The Piri Reis Map
The singular story of the Piri Reis geographical map has taken on, over the years, thanks to further studies, increasingly vast and disconcerting contours.
The Piri Reis map is Turkish, but there are other European and Italian maps that have similar aspects.
The strange story of this paper began in 1929 in Istanbul (which was previously called Constantinople), when it was found drawn on parchment. It was dated in the month of Nuharrem in the year 919 after the prophet: in 1513 of the Christian era. The map was signed by Piri Ibn Haji Memmed, full name of Admiral Piri Reis.
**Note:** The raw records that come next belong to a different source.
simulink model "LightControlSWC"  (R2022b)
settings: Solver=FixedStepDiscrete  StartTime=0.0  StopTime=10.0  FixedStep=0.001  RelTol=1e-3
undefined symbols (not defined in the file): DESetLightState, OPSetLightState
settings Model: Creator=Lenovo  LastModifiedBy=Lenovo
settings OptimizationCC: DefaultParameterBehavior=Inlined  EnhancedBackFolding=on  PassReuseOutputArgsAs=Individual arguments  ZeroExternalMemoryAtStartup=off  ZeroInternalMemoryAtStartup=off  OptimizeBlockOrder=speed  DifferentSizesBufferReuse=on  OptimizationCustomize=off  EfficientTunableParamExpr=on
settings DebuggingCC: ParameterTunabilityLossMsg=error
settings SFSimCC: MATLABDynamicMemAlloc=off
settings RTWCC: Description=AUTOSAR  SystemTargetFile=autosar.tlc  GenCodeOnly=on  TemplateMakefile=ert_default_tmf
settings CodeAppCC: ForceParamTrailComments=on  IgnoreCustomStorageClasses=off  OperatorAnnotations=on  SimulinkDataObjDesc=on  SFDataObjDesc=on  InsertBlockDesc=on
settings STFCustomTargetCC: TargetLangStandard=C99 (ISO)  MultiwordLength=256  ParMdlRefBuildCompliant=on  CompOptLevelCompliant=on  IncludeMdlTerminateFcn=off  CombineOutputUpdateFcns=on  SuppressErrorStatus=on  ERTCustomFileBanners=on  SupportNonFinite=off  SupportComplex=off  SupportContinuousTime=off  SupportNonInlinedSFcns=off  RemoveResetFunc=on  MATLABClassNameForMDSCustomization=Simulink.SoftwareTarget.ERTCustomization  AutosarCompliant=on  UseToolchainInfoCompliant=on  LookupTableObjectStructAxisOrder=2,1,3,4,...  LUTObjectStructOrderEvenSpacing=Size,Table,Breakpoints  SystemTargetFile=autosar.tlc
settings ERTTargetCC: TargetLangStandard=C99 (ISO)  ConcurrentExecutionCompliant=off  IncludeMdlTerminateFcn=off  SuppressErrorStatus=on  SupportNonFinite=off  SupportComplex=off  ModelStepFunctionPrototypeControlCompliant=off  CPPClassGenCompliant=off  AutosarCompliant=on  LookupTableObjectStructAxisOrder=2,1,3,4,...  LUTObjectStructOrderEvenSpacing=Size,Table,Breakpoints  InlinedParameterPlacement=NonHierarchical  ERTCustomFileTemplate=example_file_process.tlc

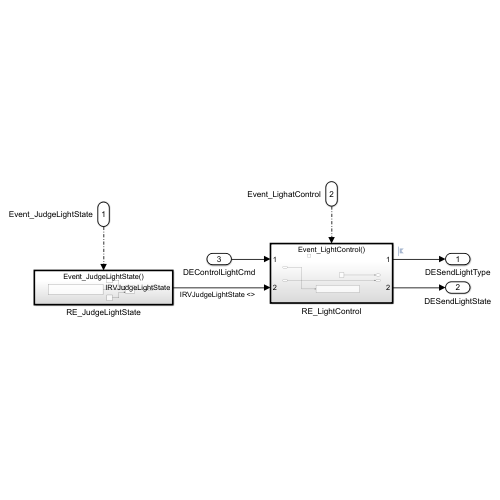
[thumbnail: Simulink's stored preview of the top-level diagram]
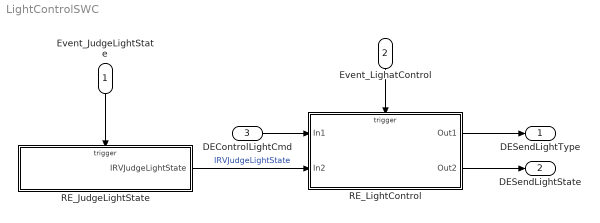
== system LightControlSWC ==
  Event_JudgeLightState : Inport  SampleTime=0.02  OutputFunctionCall=on
  Event_LighatControl : Inport  Port=2  OutputFunctionCall=on
  DEControlLightCmd : Inport  Port=3
  RE_JudgeLightState : Subsystem  TreatAsAtomicUnit=on
  RE_LightControl : Subsystem  TreatAsAtomicUnit=on
  DESendLightType : Outport
  DESendLightState : Outport  Port=2
  wires:
  RE_LightControl/1(Out1) -> DESendLightType/1
  RE_LightControl/2(Out2) -> DESendLightState/1
  DEControlLightCmd/1 -> RE_LightControl/1(In1)
  RE_JudgeLightState/1(IRVJudgeLightState) -> RE_LightControl/2(In2)  "IRVJudgeLightState"
  Event_LighatControl/1 -> RE_LightControl/Trigger
  Event_JudgeLightState/1 -> RE_JudgeLightState/Trigger

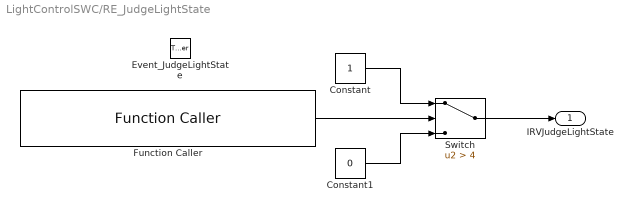
== system LightControlSWC/RE_JudgeLightState ==
  Event_JudgeLightState : TriggerPort  TriggerType=function-call  VariantControl=(inherit)
  Constant : Constant
  Constant1 : Constant  Value=0
  Function Caller : FunctionCaller  FunctionPrototype=DEGetLightState = OPGetLightState()  InputArgumentSpecifications=<Enter example>  OutputArgumentSpecifications=uint8(1)
  Switch : Switch  Criteria=u2 > Threshold  Threshold=4  OutDataTypeStr=int8  SaturateOnIntegerOverflow=off  InputSameDT=off
  IRVJudgeLightState : Outport  OutDataTypeStr=int8
  wires:
  Function Caller/1 -> Switch/2
  Constant1/1 -> Switch/3
  Constant/1 -> Switch/1
  Switch/1 -> IRVJudgeLightState/1

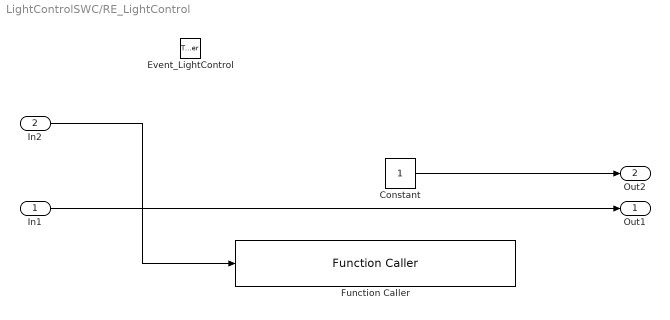
== system LightControlSWC/RE_LightControl ==
  In1 : Inport
  In2 : Inport  Port=2
  Event_LightControl : TriggerPort  TriggerType=function-call  VariantControl=(inherit)
  Constant : Constant
  Function Caller : FunctionCaller  FunctionPrototype=OPSetLightState(DESetLightState)  InputArgumentSpecifications=int8(1)  OutputArgumentSpecifications=<Enter example>
  Out1 : Outport
  Out2 : Outport  Port=2
  wires:
  In1/1 -> Out1/1
  In2/1 -> Function Caller/1
  Constant/1 -> Out2/1
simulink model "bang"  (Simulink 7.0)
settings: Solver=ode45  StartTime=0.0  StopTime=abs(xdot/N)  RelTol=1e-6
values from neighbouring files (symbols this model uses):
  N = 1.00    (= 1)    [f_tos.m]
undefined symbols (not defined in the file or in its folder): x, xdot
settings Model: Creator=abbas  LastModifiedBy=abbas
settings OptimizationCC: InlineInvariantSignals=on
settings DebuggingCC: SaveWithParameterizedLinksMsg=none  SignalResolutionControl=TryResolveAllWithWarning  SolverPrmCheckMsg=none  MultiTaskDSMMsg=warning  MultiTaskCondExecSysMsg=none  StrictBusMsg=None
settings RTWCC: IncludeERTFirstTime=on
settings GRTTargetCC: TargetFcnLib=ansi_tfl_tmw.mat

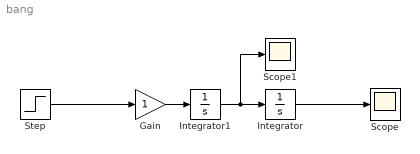
== system bang ==
  Gain : Gain  ParameterDataType=sfix(16)  ParameterScaling=2^0  OutDataType=sfix(16)  OutScaling=2^0
  Integrator : Integrator  InitialCondition=x
  Integrator1 : Integrator  InitialCondition=xdot
  Scope : Scope
      settings: SaveName=xbang  DataFormat=Array
  Scope1 : Scope
      settings: SaveName=xdotbang  DataFormat=Array
  Step : Step  Time=0  After=N  SampleTime=0
  wires:
  Integrator1/1 -> Integrator/1, Scope1/1
  Integrator/1 -> Scope/1
  Gain/1 -> Integrator1/1
  Step/1 -> Gain/1

This map caught the attention of a leading American researcher, Arlington Mallery. He demonstrated, by means of calculations, confirmed by subsequent checks, that the map had required very advanced knowledge of spherical trigonometry, which dates back to a very ancient time, a time when the ice of the Antarctic did not yet cover the area of the Regina Maud Earth (Antarctica).
On the map in question are represented in particular the Amazon River, the Gulf of Venezuela, South America, from Baya Blanca to Cape Horn, and finally, as we have said Antarctica, information that no one could possess at that time. Prof. Charles H. Hapgood of Keene State College, New Hampshire, United States assigned the Piri Reis and other similar papers the name "Ancient Sea Kings Maps".
Someone traced this map in a very remote past, and we have received copies such as the Piri Reis or that of Oriontio Fineo, dated 1531. On the latter, the dimensions of the Antarctic continent correspond perfectly to those reported in the most precise modern maps.
Finally, we report that another Turkish map of 1559, the one attributed to Hadjj Ahmed, shows us in turn an unknown land that forms a bridge between Siberia and Alaska through the Bering Strait. This terrestrial passage would reveal many mysteries on the Paleolithic migrations; but having certainly disappeared almost 30,000 years ago it is not possible to understand how a terrestrial civilization, known or unknown, could have known about its existence.